- Founded: 9 February 1990
- Dissolved: 3 December 1990
- Merged into: Alliance 90/The Greens
- Headquarters: East Berlin, East Germany
- Ideology: Green politics
- Political position: Centre-left

= East German Green Party =

Political party in East Germany

The Green Party (Grüne Partei) in East Germany was founded in February 1990. At the first free Volkskammer elections it stood with the Independent Women's Association (Unabhängige Frauenverband) and received 2.0% of the vote. They received 8 seats but could not resolve how to allocate them. The Women's Association pulled out and the Green Party formed a joint parliamentary group with Bündnis 90.

The party was constituted on 24 November 1989 during the political upheavals of 1989, and from September 1990 used the name The Greens (Die Grünen). It merged on 3 December 1990 with the West German Greens (with the Saxon branch initially remaining outside the merger).

The Green Party developed largely out of the Green–Ecological Network Arche (Grün-Ökologisches Netzwerk Arche), founded in 1988 as a GDR-wide environmental opposition network. During 1989 it announced plans to contest future elections with a green list independent of the National Front's unified list, an early attempt in the GDR to challenge the National Front's monopoly on parliamentary representation.

==History==

===Origins in the environmental movement===
The party's origins lay in the GDR environmental movement of the 1980s, where local groups formed in response to severe pollution and ecological damage and often operated under church umbrellas. Environmental activism initially overlapped closely with peace and human-rights campaigning, before increasingly developing its own organisational structures and priorities later in the decade.

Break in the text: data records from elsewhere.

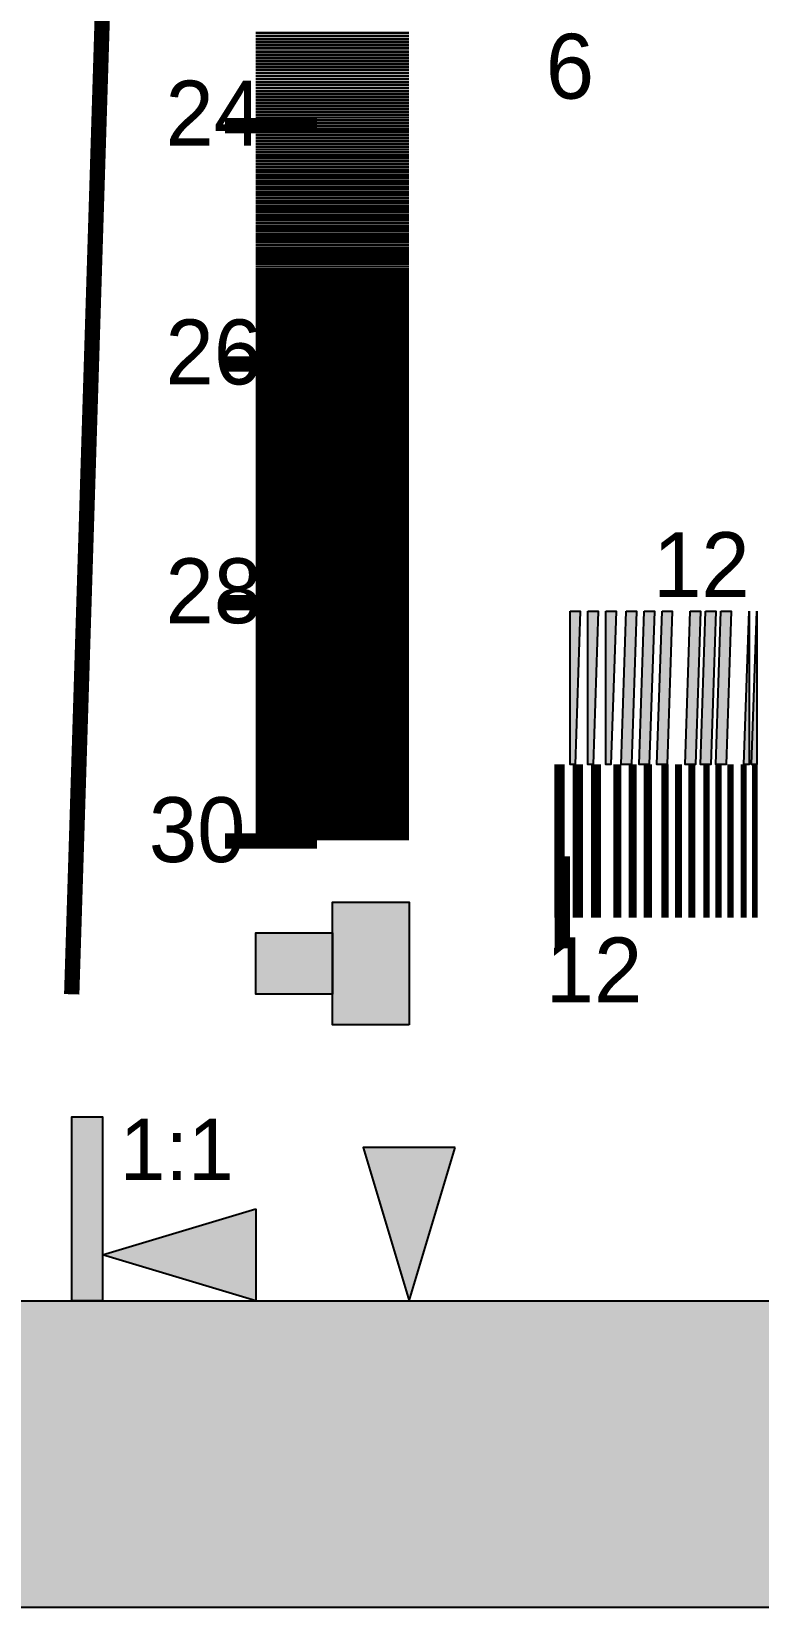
# Model space of a CAD drawing. Header units: millimetres. Extents: x 0 to 306, y 0 to 210.
# Drawn here: x 81.5 to 123, y 0 to 90 of the extents above; entities that cross this region are included whole.
import ezdxf

# ---------------------------------------------------------------- set-up
doc = ezdxf.new("R2010")
doc.units = ezdxf.units.MM
for name, color, linetype in [('FRAME', 7, 'Continuous'), ('GLUE', 1, 'Continuous'), ('LABELS', 7, 'Continuous'), ('PERIPHERY', 7, 'Continuous')]:
    doc.layers.add(name, color=color, linetype=linetype)

msp = doc.modelspace()

# ---------------------------------------------------------------- hatches: boundary and pattern name
at = {"layer": 'FRAME', "true_color": 0x000000}
h = msp.add_hatch(color=7, dxfattribs=at)
h.dxf.hatch_style = 1
h.paths.add_polyline_path([(103.058, 33.25), (98.683, 33.25), (98.683, 40.25), (103.058, 40.25), (103.058, 33.25)])
h = msp.add_hatch(color=7, dxfattribs=at)
h.dxf.hatch_style = 1
h.paths.add_polyline_path([(98.683, 35), (94.308, 35), (94.308, 38.5), (98.683, 38.5), (98.683, 35)])
h = msp.add_hatch(color=7, dxfattribs=at)
h.dxf.hatch_style = 1
h.paths.add_polyline_path([(85.557, 17.5), (83.808, 17.5), (83.808, 28), (85.557, 28), (85.557, 17.5)])
h = msp.add_hatch(color=7, dxfattribs=at)
h.dxf.hatch_style = 1
h.paths.add_polyline_path([(105.682, 26.25), (100.432, 26.25), (103.057, 17.5), (105.682, 26.25)])
h = msp.add_hatch(color=7, dxfattribs=at)
h.dxf.hatch_style = 1
h.paths.add_polyline_path([(94.308, 22.75), (94.308, 17.5), (85.558, 20.125), (94.308, 22.75)])
h = msp.add_hatch(color=7, dxfattribs=at)
h.dxf.hatch_style = 1
h.paths.add_polyline_path([(0, 17.5), (179.058, 17.5), (179.058, 0), (0, 0), (0, 17.5)])
at = {"layer": 'PERIPHERY', "true_color": 0x000000}
h = msp.add_hatch(color=7, dxfattribs=at)
h.dxf.hatch_style = 1
h.paths.add_polyline_path([(112.245, 56.875), (112.828, 56.875), (112.537, 48.125), (112.245, 48.125), (112.245, 56.875)])
h = msp.add_hatch(color=7, dxfattribs=at)
h.dxf.hatch_style = 1
h.paths.add_polyline_path([(113.266, 56.875), (113.849, 56.875), (113.557, 48.125), (113.266, 48.125), (113.266, 56.875)])
h = msp.add_hatch(color=7, dxfattribs=at)
h.dxf.hatch_style = 1
h.paths.add_polyline_path([(114.287, 56.875), (114.87, 56.875), (114.578, 48.125), (114.287, 48.125), (114.287, 56.875)])
h = msp.add_hatch(color=7, dxfattribs=at)
h.dxf.hatch_style = 1
h.paths.add_polyline_path([(115.453, 56.875), (116.037, 56.875), (115.745, 48.125), (115.162, 48.125), (115.453, 56.875)])
h = msp.add_hatch(color=7, dxfattribs=at)
h.dxf.hatch_style = 1
h.paths.add_polyline_path([(116.474, 56.875), (117.057, 56.875), (116.766, 48.125), (116.182, 48.125), (116.474, 56.875)])
h = msp.add_hatch(color=7, dxfattribs=at)
h.dxf.hatch_style = 1
h.paths.add_polyline_path([(117.495, 56.875), (118.078, 56.875), (117.787, 48.125), (117.203, 48.125), (117.495, 56.875)])
h = msp.add_hatch(color=7, dxfattribs=at)
h.dxf.hatch_style = 1
h.paths.add_polyline_path([(119.099, 56.875), (119.683, 56.875), (119.391, 48.125), (118.808, 48.125), (119.099, 56.875)])
h = msp.add_hatch(color=7, dxfattribs=at)
h.dxf.hatch_style = 1
h.paths.add_polyline_path([(119.974, 56.875), (120.558, 56.875), (120.266, 48.125), (119.683, 48.125), (119.974, 56.875)])
h = msp.add_hatch(color=7, dxfattribs=at)
h.dxf.hatch_style = 1
h.paths.add_polyline_path([(120.849, 56.875), (121.433, 56.875), (121.141, 48.125), (120.558, 48.125), (120.849, 56.875)])
h = msp.add_hatch(color=7, dxfattribs=at)
h.dxf.hatch_style = 1
h.paths.add_polyline_path([(122.454, 56.875), (122.454, 48.125), (122.162, 48.125), (122.454, 56.875)])
h = msp.add_hatch(color=7, dxfattribs=at)
h.dxf.hatch_style = 1
h.paths.add_polyline_path([(122.891, 56.875), (122.891, 48.125), (122.599, 48.125), (122.891, 56.875)])

# ---------------------------------------------------------------- linework, layer by layer
at = {"layer": 'FRAME', "color": 250}
for points in [[(103.058, 33.25), (98.683, 33.25), (98.683, 40.25), (103.058, 40.25), (103.058, 33.25)], [(98.683, 35), (94.308, 35), (94.308, 38.5), (98.683, 38.5), (98.683, 35)], [(85.557, 17.5), (83.808, 17.5), (83.808, 28), (85.557, 28), (85.557, 17.5)], [(105.682, 26.25), (100.432, 26.25), (103.057, 17.5), (105.682, 26.25)], [(94.308, 22.75), (94.308, 17.5), (85.558, 20.125), (94.308, 22.75)], [(0, 17.5), (179.058, 17.5), (179.058, 0), (0, 0), (0, 17.5)]]:
    msp.add_lwpolyline(points, close=True, dxfattribs=at)
at = {"layer": 'FRAME', "color": 250, "true_color": 0x000000}
for points in [[(103.058, 33.25), (103.058, 40.25), (98.683, 40.25)], [(98.683, 40.25), (98.683, 33.25), (103.058, 33.25)], [(98.683, 35), (98.683, 38.5), (94.308, 38.5)], [(94.308, 38.5), (94.308, 35), (98.683, 35)], [(85.557, 17.5), (85.557, 28), (83.808, 28)], [(83.808, 28), (83.808, 17.5), (85.557, 17.5)], [(105.682, 26.25), (100.432, 26.25), (103.057, 17.5)], [(85.558, 20.125), (94.308, 17.5), (94.308, 22.75)], [(0, 17.5), (0, 0), (179.058, 0)], [(179.058, 0), (179.058, 17.5), (0, 17.5)]]:
    msp.add_solid(points, dxfattribs=at)
at = {"layer": 'GLUE', "color": 1, "lineweight": 18}
msp.add_lwpolyline([(0, 0), (297, 0), (297, 210), (0, 210), (0, 0)], dxfattribs=at)
at = {"layer": 'PERIPHERY', "color": 250, "lineweight": 35}
for points, const_width in [([(88.183, 175), (83.808, 35)], 0.874), ([(103.057, 89.865), (94.308, 89.865)], 0.15), ([(103.057, 89.687), (94.308, 89.687)], 0.15), ([(103.057, 89.512), (94.308, 89.512)], 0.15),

===From Arche to party formation (1988–1990)===
The Green–Ecological Network Arche was founded in January 1988 and became a major organising nucleus for a later party structure. Debates within the environmental scene over centralisation and party-building delayed a formal foundation, so that other opposition parties and movements were founded earlier during autumn 1989. The Green Party was constituted on 24 November 1989, and formally founded at its first party congress in Halle on 9 February 1990.

===Political participation in 1990===
In late 1989 and early 1990 the party participated in the Round Table process and took part in the transitional arrangements of the final GDR governments, including representation in the Modrow cabinet period through a minister without portfolio associated with the green camp. After the March 1990 Volkskammer election, the Green Party's eight deputies formed a joint parliamentary group with Bündnis 90, reflecting the practical need to organise parliamentary work and align with related citizens’ movements.

===German reunification and merger (1990)===
Following German reunification, coordination between East German civic movements and West German parties became central to electoral strategy and organisational survival. In September 1990 the party adopted the name “The Greens”, and on 3 December 1990 it merged with the West German Greens (with the Saxon branch initially remaining outside the merger).